Beyond Sustainability: Designing for Abundance

by William McDonough
April 23, 2013


A decade after writing Cradle to Cradle, a manifesto on sustainable design, authors William McDonough and Michael Braungart have written The Upcycle. The book asks not how we can protect the planet from human impact, but how we can redesign what we do to actually improve the world. Below is an edited excerpt of four points from the final chapter in the book.
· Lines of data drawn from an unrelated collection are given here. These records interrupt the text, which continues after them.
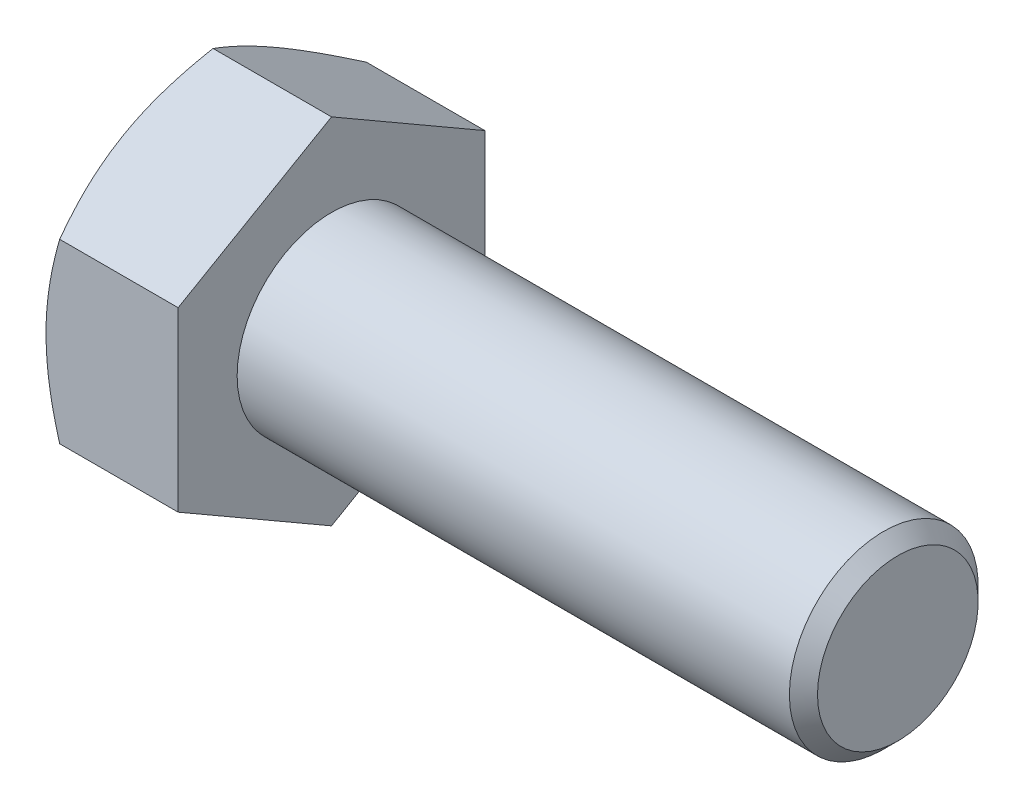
ISO-10303-21;
HEADER;
FILE_DESCRIPTION(('STEP AP214'),'2;1');
FILE_NAME('part.step','',(''),(''),'','','');
FILE_SCHEMA(('AUTOMOTIVE_DESIGN { 1 0 10303 214 1 1 1 1 }'));
ENDSEC;
DATA;
#1=APPLICATION_CONTEXT('core data for automotive mechanical design processes');
#2=APPLICATION_PROTOCOL_DEFINITION('international standard','automotive_design',2000,#1);
#3=PRODUCT_CONTEXT('',#1,'mechanical');
#4=PRODUCT('Part','Part','',(#3));
#5=PRODUCT_RELATED_PRODUCT_CATEGORY('part','',(#4));
#6=PRODUCT_DEFINITION_FORMATION('','',#4);
#7=PRODUCT_DEFINITION_CONTEXT('part definition',#1,'design');
#8=PRODUCT_DEFINITION('design','',#6,#7);
#9=PRODUCT_DEFINITION_SHAPE('','',#8);
#10=(LENGTH_UNIT() NAMED_UNIT(*) SI_UNIT(.MILLI.,.METRE.));
#11=(NAMED_UNIT(*) PLANE_ANGLE_UNIT() SI_UNIT($,.RADIAN.));
#12=(NAMED_UNIT(*) SI_UNIT($,.STERADIAN.) SOLID_ANGLE_UNIT());
#13=UNCERTAINTY_MEASURE_WITH_UNIT(LENGTH_MEASURE(1.E-05),#10,'distance_accuracy_value','');
#14=(GEOMETRIC_REPRESENTATION_CONTEXT(3) GLOBAL_UNCERTAINTY_ASSIGNED_CONTEXT((#13)) GLOBAL_UNIT_ASSIGNED_CONTEXT((#10,
#11,#12)) REPRESENTATION_CONTEXT('',''));
#15=CARTESIAN_POINT('',(0.,0.,0.));
#16=DIRECTION('',(0.,0.,1.));
#17=DIRECTION('',(1.,0.,0.));
#18=AXIS2_PLACEMENT_3D('',#15,#16,#17);
#19=CARTESIAN_POINT('',(17.78,11.9150661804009,-20.6375));
#20=DIRECTION('',(0.,-0.866025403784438,0.500000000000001));
#21=DIRECTION('',(0.,-0.500000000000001,-0.866025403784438));
#22=AXIS2_PLACEMENT_3D('',#19,#20,#21);
#23=PLANE('',#22);
#24=CARTESIAN_POINT('',(1.84333382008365,23.8302478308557,0.000200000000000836));
#25=CARTESIAN_POINT('',(1.69214337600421,23.5683597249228,-0.453403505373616));
#26=CARTESIAN_POINT('',(1.54781374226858,23.3054501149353,-0.908776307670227));
#27=CARTESIAN_POINT('',(1.27478315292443,22.7775226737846,-1.82317345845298));
#28=CARTESIAN_POINT('',(1.14608733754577,22.512504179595,-2.28219895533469));
#29=CARTESIAN_POINT('',(0.906054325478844,21.9798467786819,-3.20478863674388));
#30=CARTESIAN_POINT('',(0.794758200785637,21.7122032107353,-3.66836089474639));
#31=CARTESIAN_POINT('',(0.591914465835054,21.1750563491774,-4.59872655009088));
#32=CARTESIAN_POINT('',(0.500365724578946,20.9055531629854,-5.06551976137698));
#33=CARTESIAN_POINT('',(0.340910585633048,20.371592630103,-5.99036653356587));
#34=CARTESIAN_POINT('',(0.272476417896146,20.1071749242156,-6.44835143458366));
#35=CARTESIAN_POINT('',(0.157727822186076,19.5771279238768,-7.36641976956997));
#36=CARTESIAN_POINT('',(0.111413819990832,19.3114986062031,-7.82650324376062));
#37=CARTESIAN_POINT('',(0.0420749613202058,18.7797937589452,-8.74744305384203));
#38=CARTESIAN_POINT('',(0.0190224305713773,18.5137191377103,-9.2082978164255));
#39=CARTESIAN_POINT('',(-0.00329774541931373,17.9813243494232,-10.1304326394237));
#40=CARTESIAN_POINT('',(-0.00256612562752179,17.7150041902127,-10.591712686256));
#41=CARTESIAN_POINT('',(0.0210208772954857,17.2171134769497,-11.4540846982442));
#42=CARTESIAN_POINT('',(0.0410000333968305,16.9855074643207,-11.8552380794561));
#43=CARTESIAN_POINT('',(0.0985671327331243,16.5228483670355,-12.656587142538));
#44=CARTESIAN_POINT('',(0.136154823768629,16.2917952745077,-13.056782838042));
#45=CARTESIAN_POINT('',(0.228287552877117,15.8303273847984,-13.8560686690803));
#46=CARTESIAN_POINT('',(0.282847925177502,15.5999133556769,-14.2551574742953));
#47=CARTESIAN_POINT('',(0.407960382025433,15.1401885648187,-15.0514241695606));
#48=CARTESIAN_POINT('',(0.478512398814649,14.9108777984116,-15.4486020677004));
#49=CARTESIAN_POINT('',(0.715966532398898,14.2147390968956,-16.654349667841));
#50=CARTESIAN_POINT('',(0.906558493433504,13.749889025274,-17.4594936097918));
#51=CARTESIAN_POINT('',(1.23103244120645,13.057747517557,-18.6583178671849));
#52=CARTESIAN_POINT('',(1.34550466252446,12.8280876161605,-19.0561004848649));
#53=CARTESIAN_POINT('',(1.58603801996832,12.3703563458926,-19.8489143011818));
#54=CARTESIAN_POINT('',(1.7120958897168,12.1422845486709,-20.2439462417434));
#55=CARTESIAN_POINT('',(1.84333382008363,11.914950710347,-20.6377));
#56=B_SPLINE_CURVE_WITH_KNOTS('',3,(#24,#25,#26,#27,#28,#29,#30,#31,#32,#33,#34,#35,#36,#37,#38,
#39,#40,#41,#42,#43,#44,#45,#46,#47,#48,#49,#50,#51,#52,#53,#54,#55),.UNSPECIFIED.,.F.,.F.,(4,2,
2,2,2,2,2,2,2,2,2,2,2,2,2,4),(0.,1.63552456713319,3.2715854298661,4.91145173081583,
6.55122408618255,8.15052346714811,9.74985363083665,11.3472788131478,12.9446546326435,
14.3352468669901,15.7258191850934,17.1176515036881,18.5094779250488,21.3544387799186,
22.7744411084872,24.1940443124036),.UNSPECIFIED.);
#57=CARTESIAN_POINT('',(1.84326715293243,23.8301323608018,0.));
#58=VERTEX_POINT('',#57);
#59=CARTESIAN_POINT('',(0.,17.8725992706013,-10.31875));
#60=VERTEX_POINT('',#59);
#61=EDGE_CURVE('E55',#58,#60,#56,.T.);
#62=ORIENTED_EDGE('',*,*,#61,.F.);
#63=DIRECTION('',(-1.,0.,0.));
#64=VECTOR('',#63,1.);
#65=CARTESIAN_POINT('',(17.78,23.8301323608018,0.));
#66=LINE('',#65,#64);
#67=CARTESIAN_POINT('',(17.78,23.8301323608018,0.));
#68=VERTEX_POINT('',#67);
#69=EDGE_CURVE('E151',#68,#58,#66,.T.);
#70=ORIENTED_EDGE('',*,*,#69,.F.);
#71=DIRECTION('',(0.,0.500000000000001,0.866025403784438));
#72=VECTOR('',#71,1.);
#73=CARTESIAN_POINT('',(17.78,11.9150661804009,-20.6375));
#74=LINE('',#73,#72);
#75=CARTESIAN_POINT('',(17.78,11.9150661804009,-20.6375));
#76=VERTEX_POINT('',#75);
#77=EDGE_CURVE('E242',#76,#68,#74,.T.);
#78=ORIENTED_EDGE('',*,*,#77,.F.);
#79=DIRECTION('',(-1.,0.,0.));
#80=VECTOR('',#79,1.);
#81=CARTESIAN_POINT('',(17.78,11.9150661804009,-20.6375));
#82=LINE('',#81,#80);
#83=CARTESIAN_POINT('',(1.84326715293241,11.9150661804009,-20.6375));
#84=VERTEX_POINT('',#83);
#85=EDGE_CURVE('E139',#76,#84,#82,.T.);
#86=ORIENTED_EDGE('',*,*,#85,.T.);
#87=EDGE_CURVE('E133',#60,#84,#56,.T.);
#88=ORIENTED_EDGE('',*,*,#87,.F.);
#89=EDGE_LOOP('',(#62,#70,#78,#86,#88));
#90=FACE_BOUND('',#89,.T.);
#91=ADVANCED_FACE('F39',(#90),#23,.F.);
#92=CARTESIAN_POINT('',(17.78,23.8301323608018,0.));
#93=DIRECTION('',(0.,-0.866025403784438,-0.500000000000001));
#94=DIRECTION('',(0.,0.500000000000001,-0.866025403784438));
#95=AXIS2_PLACEMENT_3D('',#92,#93,#94);
#96=PLANE('',#95);
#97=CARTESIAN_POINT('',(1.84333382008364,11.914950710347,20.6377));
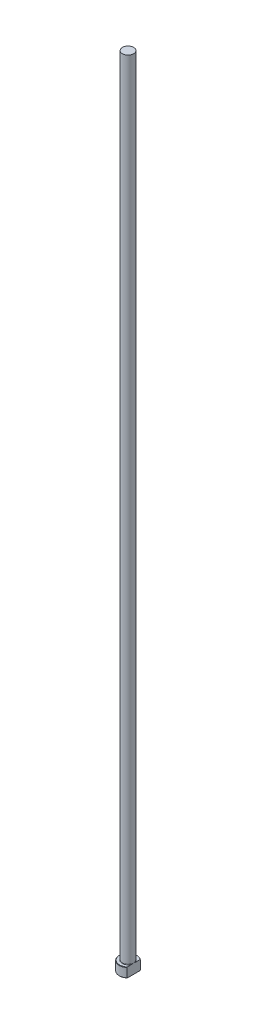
ISO-10303-21;
HEADER;
FILE_DESCRIPTION(('STEP AP214'),'2;1');
FILE_NAME('part.step','',(''),(''),'','','');
FILE_SCHEMA(('AUTOMOTIVE_DESIGN { 1 0 10303 214 1 1 1 1 }'));
ENDSEC;
DATA;
#1=APPLICATION_CONTEXT('core data for automotive mechanical design processes');
#2=APPLICATION_PROTOCOL_DEFINITION('international standard','automotive_design',2000,#1);
#3=PRODUCT_CONTEXT('',#1,'mechanical');
#4=PRODUCT('Part','Part','',(#3));
#5=PRODUCT_RELATED_PRODUCT_CATEGORY('part','',(#4));
#6=PRODUCT_DEFINITION_FORMATION('','',#4);
#7=PRODUCT_DEFINITION_CONTEXT('part definition',#1,'design');
#8=PRODUCT_DEFINITION('design','',#6,#7);
#9=PRODUCT_DEFINITION_SHAPE('','',#8);
#10=(LENGTH_UNIT() NAMED_UNIT(*) SI_UNIT(.MILLI.,.METRE.));
#11=(NAMED_UNIT(*) PLANE_ANGLE_UNIT() SI_UNIT($,.RADIAN.));
#12=(NAMED_UNIT(*) SI_UNIT($,.STERADIAN.) SOLID_ANGLE_UNIT());
#13=UNCERTAINTY_MEASURE_WITH_UNIT(LENGTH_MEASURE(1.E-05),#10,'distance_accuracy_value','');
#14=(GEOMETRIC_REPRESENTATION_CONTEXT(3) GLOBAL_UNCERTAINTY_ASSIGNED_CONTEXT((#13)) GLOBAL_UNIT_ASSIGNED_CONTEXT((#10,
#11,#12)) REPRESENTATION_CONTEXT('',''));
#15=CARTESIAN_POINT('',(0.,0.,0.));
#16=DIRECTION('',(0.,0.,1.));
#17=DIRECTION('',(1.,0.,0.));
#18=AXIS2_PLACEMENT_3D('',#15,#16,#17);
#19=CARTESIAN_POINT('',(0.,0.,0.));
#20=DIRECTION('',(0.,-1.,0.));
#21=DIRECTION('',(0.,0.,-1.));
#22=AXIS2_PLACEMENT_3D('',#19,#20,#21);
#23=PLANE('',#22);
#24=CARTESIAN_POINT('',(0.,0.,0.));
#25=DIRECTION('',(0.,-1.,0.));
#26=DIRECTION('',(0.,0.,-1.));
#27=AXIS2_PLACEMENT_3D('',#24,#25,#26);
#28=CIRCLE('',#27,5.29999999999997);
#29=CARTESIAN_POINT('',(3.49999999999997,0.,3.97994974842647));
#30=VERTEX_POINT('',#29);
#31=CARTESIAN_POINT('',(3.49999999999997,0.,-3.97994974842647));
#32=VERTEX_POINT('',#31);
#33=EDGE_CURVE('E98',#30,#32,#28,.T.);
#34=ORIENTED_EDGE('',*,*,#33,.T.);
#35=DIRECTION('',(0.,0.,1.));
#36=VECTOR('',#35,1.);
#37=CARTESIAN_POINT('',(3.49999999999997,0.,4.24264068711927));
#38=LINE('',#37,#36);
#39=EDGE_CURVE('E83',#32,#30,#38,.T.);
#40=ORIENTED_EDGE('',*,*,#39,.T.);
#41=EDGE_LOOP('',(#34,#40));
#42=FACE_BOUND('',#41,.T.);
#43=ADVANCED_FACE('F32',(#42),#23,.T.);
#44=CARTESIAN_POINT('',(0.,259.958771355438,0.));
#45=DIRECTION('',(0.,1.,0.));
#46=DIRECTION('',(0.,0.,1.));
#47=AXIS2_PLACEMENT_3D('',#44,#45,#46);
#48=CYLINDRICAL_SURFACE('',#47,5.49999999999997);
#49=CARTESIAN_POINT('',(0.,5.79999999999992,0.));
#50=DIRECTION('',(0.,1.,0.));
#51=DIRECTION('',(0.,0.,1.));
#52=AXIS2_PLACEMENT_3D('',#49,#50,#51);
#53=CIRCLE('',#52,5.49999999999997);
#54=CARTESIAN_POINT('',(3.49999999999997,5.79999999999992,4.24264068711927));
#55=VERTEX_POINT('',#54);
#56=CARTESIAN_POINT('',(3.49999999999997,5.79999999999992,-4.24264068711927));
#57=VERTEX_POINT('',#56);
#58=EDGE_CURVE('E104',#55,#57,#53,.F.);
#59=ORIENTED_EDGE('',*,*,#58,.T.);
#60=DIRECTION('',(0.,-1.,0.));
#61=VECTOR('',#60,1.);
#62=CARTESIAN_POINT('',(3.49999999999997,500.,-4.24264068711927));
#63=LINE('',#62,#61);
#64=CARTESIAN_POINT('',(3.49999999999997,0.199999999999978,-4.24264068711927));
#65=VERTEX_POINT('',#64);
#66=EDGE_CURVE('E183',#57,#65,#63,.T.);
#67=ORIENTED_EDGE('',*,*,#66,.T.);
#68=CARTESIAN_POINT('',(0.,0.199999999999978,0.));
#69=DIRECTION('',(0.,-1.,0.));
#70=DIRECTION('',(0.,0.,-1.));
#71=AXIS2_PLACEMENT_3D('',#68,#69,#70);
#72=CIRCLE('',#71,5.49999999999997);
#73=CARTESIAN_POINT('',(3.49999999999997,0.199999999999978,4.24264068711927));
#74=VERTEX_POINT('',#73);
#75=EDGE_CURVE('E100',#65,#74,#72,.F.);
#76=ORIENTED_EDGE('',*,*,#75,.T.);
#77=DIRECTION('',(0.,-1.,0.));
#78=VECTOR('',#77,1.);
#79=CARTESIAN_POINT('',(3.49999999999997,500.,4.24264068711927));
#80=LINE('',#79,#78);
#81=EDGE_CURVE('E93',#55,#74,#80,.T.);
#82=ORIENTED_EDGE('',*,*,#81,.F.);
#83=EDGE_LOOP('',(#59,#67,#76,#82));
#84=FACE_BOUND('',#83,.T.);
#85=ADVANCED_FACE('F158',(#84),#48,.T.);
#86=CARTESIAN_POINT('',(-5.49999999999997,6.,0.));
#87=DIRECTION('',(0.,1.,0.));
#88=DIRECTION('',(0.,0.,1.));
#89=AXIS2_PLACEMENT_3D('',#86,#87,#88);
#90=PLANE('',#89);
#91=CARTESIAN_POINT('',(0.,6.,0.));
#92=DIRECTION('',(0.,1.,0.));
#93=DIRECTION('',(0.,0.,1.));
#94=AXIS2_PLACEMENT_3D('',#91,#92,#93);
#95=CIRCLE('',#94,5.29999999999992);
#96=CARTESIAN_POINT('',(3.49999999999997,6.,-3.9799497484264));
#97=VERTEX_POINT('',#96);
#98=CARTESIAN_POINT('',(3.49999999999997,6.,3.9799497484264));
#99=VERTEX_POINT('',#98);
#100=EDGE_CURVE('E178',#97,#99,#95,.T.);
#101=ORIENTED_EDGE('',*,*,#100,.T.);
#102=DIRECTION('',(0.,0.,-1.));
#103=VECTOR('',#102,1.);
#104=CARTESIAN_POINT('',(3.49999999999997,6.,0.));
#105=LINE('',#104,#103);
#106=CARTESIAN_POINT('',(3.49999999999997,5.99999999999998,1.19999999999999));
#107=VERTEX_POINT('',#106);
#108=EDGE_CURVE('E57',#99,#107,#105,.T.);
#109=ORIENTED_EDGE('',*,*,#108,.T.);
#110=CARTESIAN_POINT('',(0.,6.,0.));
#111=DIRECTION('',(0.,1.,0.));
#112=DIRECTION('',(0.,0.,1.));
#113=AXIS2_PLACEMENT_3D('',#110,#111,#112);
#114=CIRCLE('',#113,3.69999999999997);
#115=CARTESIAN_POINT('',(3.49999999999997,5.99999999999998,-1.19999999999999));
#116=VERTEX_POINT('',#115);
#117=EDGE_CURVE('E107',#107,#116,#114,.F.);
#118=ORIENTED_EDGE('',*,*,#117,.T.);
#119=EDGE_CURVE('E136',#116,#97,#105,.T.);
#120=ORIENTED_EDGE('',*,*,#119,.T.);
#121=EDGE_LOOP('',(#101,#109,#118,#120));
#122=FACE_BOUND('',#121,.T.);
#123=ADVANCED_FACE('F147',(#122),#90,.T.);
#124=CARTESIAN_POINT('',(0.,6.00000000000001,0.));
#125=DIRECTION('',(0.,-1.,0.));
#126=DIRECTION('',(0.,0.,-1.));
#127=AXIS2_PLACEMENT_3D('',#124,#125,#126);
#128=CONICAL_SURFACE('',#127,5.29999999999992,0.785398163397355);
#129=ORIENTED_EDGE('',*,*,#58,.F.);
#130=CARTESIAN_POINT('',(3.49999999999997,1.33003849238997,9.33542352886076));
#131=CARTESIAN_POINT('',(3.49999999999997,1.466067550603,9.1901458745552));
#132=CARTESIAN_POINT('',(3.49999999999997,1.60189091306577,9.04467563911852));
#133=CARTESIAN_POINT('',(3.49999999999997,1.87305939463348,8.75328845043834));
#134=CARTESIAN_POINT('',(3.49999999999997,2.00840451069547,8.60737149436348));
#135=CARTESIAN_POINT('',(3.49999999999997,2.41368868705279,8.16878624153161));
#136=CARTESIAN_POINT('',(3.49999999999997,2.68280695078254,7.87535778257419));
#137=CARTESIAN_POINT('',(3.49999999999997,3.22029202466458,7.28335275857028));
#138=CARTESIAN_POINT('',(3.49999999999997,3.48863408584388,6.984753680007));
#139=CARTESIAN_POINT('',(3.49999999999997,4.02101445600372,6.38381794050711));
#140=CARTESIAN_POINT('',(3.49999999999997,4.28505346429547,6.08148190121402));
#141=CARTESIAN_POINT('',(3.49999999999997,4.76064644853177,5.52540485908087));
#142=CARTESIAN_POINT('',(3.49999999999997,4.97321621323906,5.27253724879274));
#143=CARTESIAN_POINT('',(3.49999999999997,5.28746532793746,4.88936279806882));
#144=CARTESIAN_POINT('',(3.49999999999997,5.39146981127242,4.76096380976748));
#145=CARTESIAN_POINT('',(3.49999999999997,5.59756866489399,4.50264388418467));
#146=CARTESIAN_POINT('',(3.49999999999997,5.69966308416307,4.372722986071));
#147=CARTESIAN_POINT('',(3.49999999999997,5.90129005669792,4.111322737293));
#148=CARTESIAN_POINT('',(3.49999999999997,6.00082737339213,3.97984706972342));
#149=CARTESIAN_POINT('',(3.49999999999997,6.19694716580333,3.71471559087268));
#150=CARTESIAN_POINT('',(3.49999999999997,6.29352983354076,3.58105992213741));
#151=CARTESIAN_POINT('',(3.49999999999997,6.48287386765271,3.3111853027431));
#152=CARTESIAN_POINT('',(3.49999999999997,6.57563763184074,3.17496804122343));
#153=CARTESIAN_POINT('',(3.49999999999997,6.75628267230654,2.89934683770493));
#154=CARTESIAN_POINT('',(3.49999999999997,6.844164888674,2.75994351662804));
#155=CARTESIAN_POINT('',(3.49999999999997,6.99814457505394,2.50290457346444));
#156=CARTESIAN_POINT('',(3.49999999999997,7.06530217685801,2.38590684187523));
#157=CARTESIAN_POINT('',(3.49999999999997,7.19416460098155,2.14890235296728));
#158=CARTESIAN_POINT('',(3.49999999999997,7.25586874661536,2.02889522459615));
#159=CARTESIAN_POINT('',(3.49999999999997,7.37226286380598,1.78564087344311));
#160=CARTESIAN_POINT('',(3.49999999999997,7.42695969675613,1.66239696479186));
#161=CARTESIAN_POINT('',(3.49999999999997,7.52751976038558,1.41233625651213));
#162=CARTESIAN_POINT('',(3.49999999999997,7.57338548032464,1.28552047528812));
#163=CARTESIAN_POINT('',(3.49999999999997,7.64556102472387,1.05555158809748));
#164=CARTESIAN_POINT('',(3.49999999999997,7.67395518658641,0.953056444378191));
#165=CARTESIAN_POINT('',(3.49999999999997,7.72275092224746,0.746191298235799));
#166=CARTESIAN_POINT('',(3.49999999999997,7.74315535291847,0.641821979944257));
#167=CARTESIAN_POINT('',(3.49999999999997,7.77495944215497,0.43200211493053));
#168=CARTESIAN_POINT('',(3.49999999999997,7.78638437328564,0.326555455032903));
#169=CARTESIAN_POINT('',(3.49999999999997,7.79969943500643,0.115055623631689));
#170=CARTESIAN_POINT('',(3.49999999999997,7.80158992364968,0.00900247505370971));
#171=CARTESIAN_POINT('',(3.49999999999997,7.7957232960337,-0.20296681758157));
#172=CARTESIAN_POINT('',(3.49999999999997,7.7879539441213,-0.308882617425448));
#173=CARTESIAN_POINT('',(3.49999999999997,7.76318672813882,-0.519620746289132));
#174=CARTESIAN_POINT('',(3.49999999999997,7.74618811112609,-0.624442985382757));
#175=CARTESIAN_POINT('',(3.49999999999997,7.70376319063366,-0.832676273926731));
#176=CARTESIAN_POINT('',(3.49999999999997,7.67831139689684,-0.936082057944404));
#177=CARTESIAN_POINT('',(3.49999999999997,7.62008719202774,-1.14078653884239));
#178=CARTESIAN_POINT('',(3.49999999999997,7.5873146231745,-1.24208519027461));
#179=CARTESIAN_POINT('',(3.49999999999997,7.50935793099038,-1.45980073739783));
#180=CARTESIAN_POINT('',(3.49999999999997,7.46300722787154,-1.57579699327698));
#181=CARTESIAN_POINT('',(3.49999999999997,7.36341881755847,-1.804802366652));
#182=CARTESIAN_POINT('',(3.49999999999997,7.31017881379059,-1.91781047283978));
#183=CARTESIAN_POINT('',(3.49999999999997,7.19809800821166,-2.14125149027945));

We Don’t Have an Energy Problem. We Have a Materials-in-the-Wrong-Place Problem
 
Carbon is perfect. It is crucial to human life. We need it on earth.
 
Unfortunately, it is now in our air and water in overabundance, where we cannot utilize its strengths. We need to reconfigure our systems to keep carbon earthbound.
 
Fortunately, there are many ways we can do this. We can use fossil fuels for key goods, such as medicines, while we use renewable energy for power. We can sequester carbon emissions from biodegrading materials and use them to create biogas and soil nutrients. The carbon goes back into the earth where it belongs.
 
Once we reorganize, we will grow—literally.
 
Likewise, we don’t have a toxins problem; we have a materials-in-the-wrong-place problem.
 
If we realize that what we essentially have is a sorting problem, we can begin the process of reorganizing so we never have to worry about these issues again.
 
At the beginning of the book, we said to toss out the idea of a nurturing “Mother Nature.” No need to romanticize nature. Nature is not exclusively benevolent. But nature is fairly intelligent after millions of years of evolution. For example, nature evolved to put in mother’s milk exactly what is needed to nurture and grow new life; it works.
 
Recently, we have added many new ingredients to breast milk—bromide-based fire retardants, for example. We can look to nature not as our mother but as our teacher. Nature gave us the correct recipe. If nature didn’t put bromide-based fire retardants in milk in the first place, we have no reason to add it. It is a materials-in-the-wrong-place problem. Let’s redesign.
 
Get “Out of Sight” Out of Mind
 
You don’t have a garbage can. You have a nutrient rest stop.
 
Get greedy about your garbage. Now that the world has started down the path of upcycling, plenty of companies covet what you put in the trash can every day. You can value it too. Instead of asking yourself, “How do I get rid of this?” ask, “How much money could I get for this? Who could enjoy the benefits of these great nutrients? My city, my neighborhood, my favorite nonprofit?”
 
Always Be Asking What’s Next
 
We want you to always think, What’s next?
 
What will happen next to the shirt I design today? What is next for this book?
 
We want you to think of every component of your design as being borrowed. It will be returned one day to the biosphere or technosphere. It is your role to return it in as good a condition as you found it, as a good neighbor would. You have that chemical or heavy metal in usufruct. You have that chemical or heavy metal for a reuse period, and then it moves on to another product without tainting the biosphere or technosphere. Design for your particular reuse period, always with its next reuse and its next reuse and its next reuse in mind.
 
Go Forward Beneficially
 
Every year of your life, you are accumulating more potential for good for the world. We know that with your intelligence, your talents, your intent, you will make life for your contemporaries and for future generations better.
 
You are a known positive. No need to think of yourself as misplaced in the natural world, or that you cause destruction with your presence. You can contribute. You are part of the ever-upcycling path of life.
 
Accept that deep in your heart and mind.
Then go forward. Be successful.
We hope to enjoy all that you share.
And tell your children that things are looking up.
 
Excerpted from THE UPCYCLE: BEYOND SUSTAINABILITY—DESIGNING FOR ABUNDANCE by William McDonough and Michael Braungart, published in April 2013 by North Point Press, a division of Farrar, Straus and Giroux. Copyright © 2013 by William McDonough and Michael Braungart. All rights reserved.
 
Illustration by Corinna Loo.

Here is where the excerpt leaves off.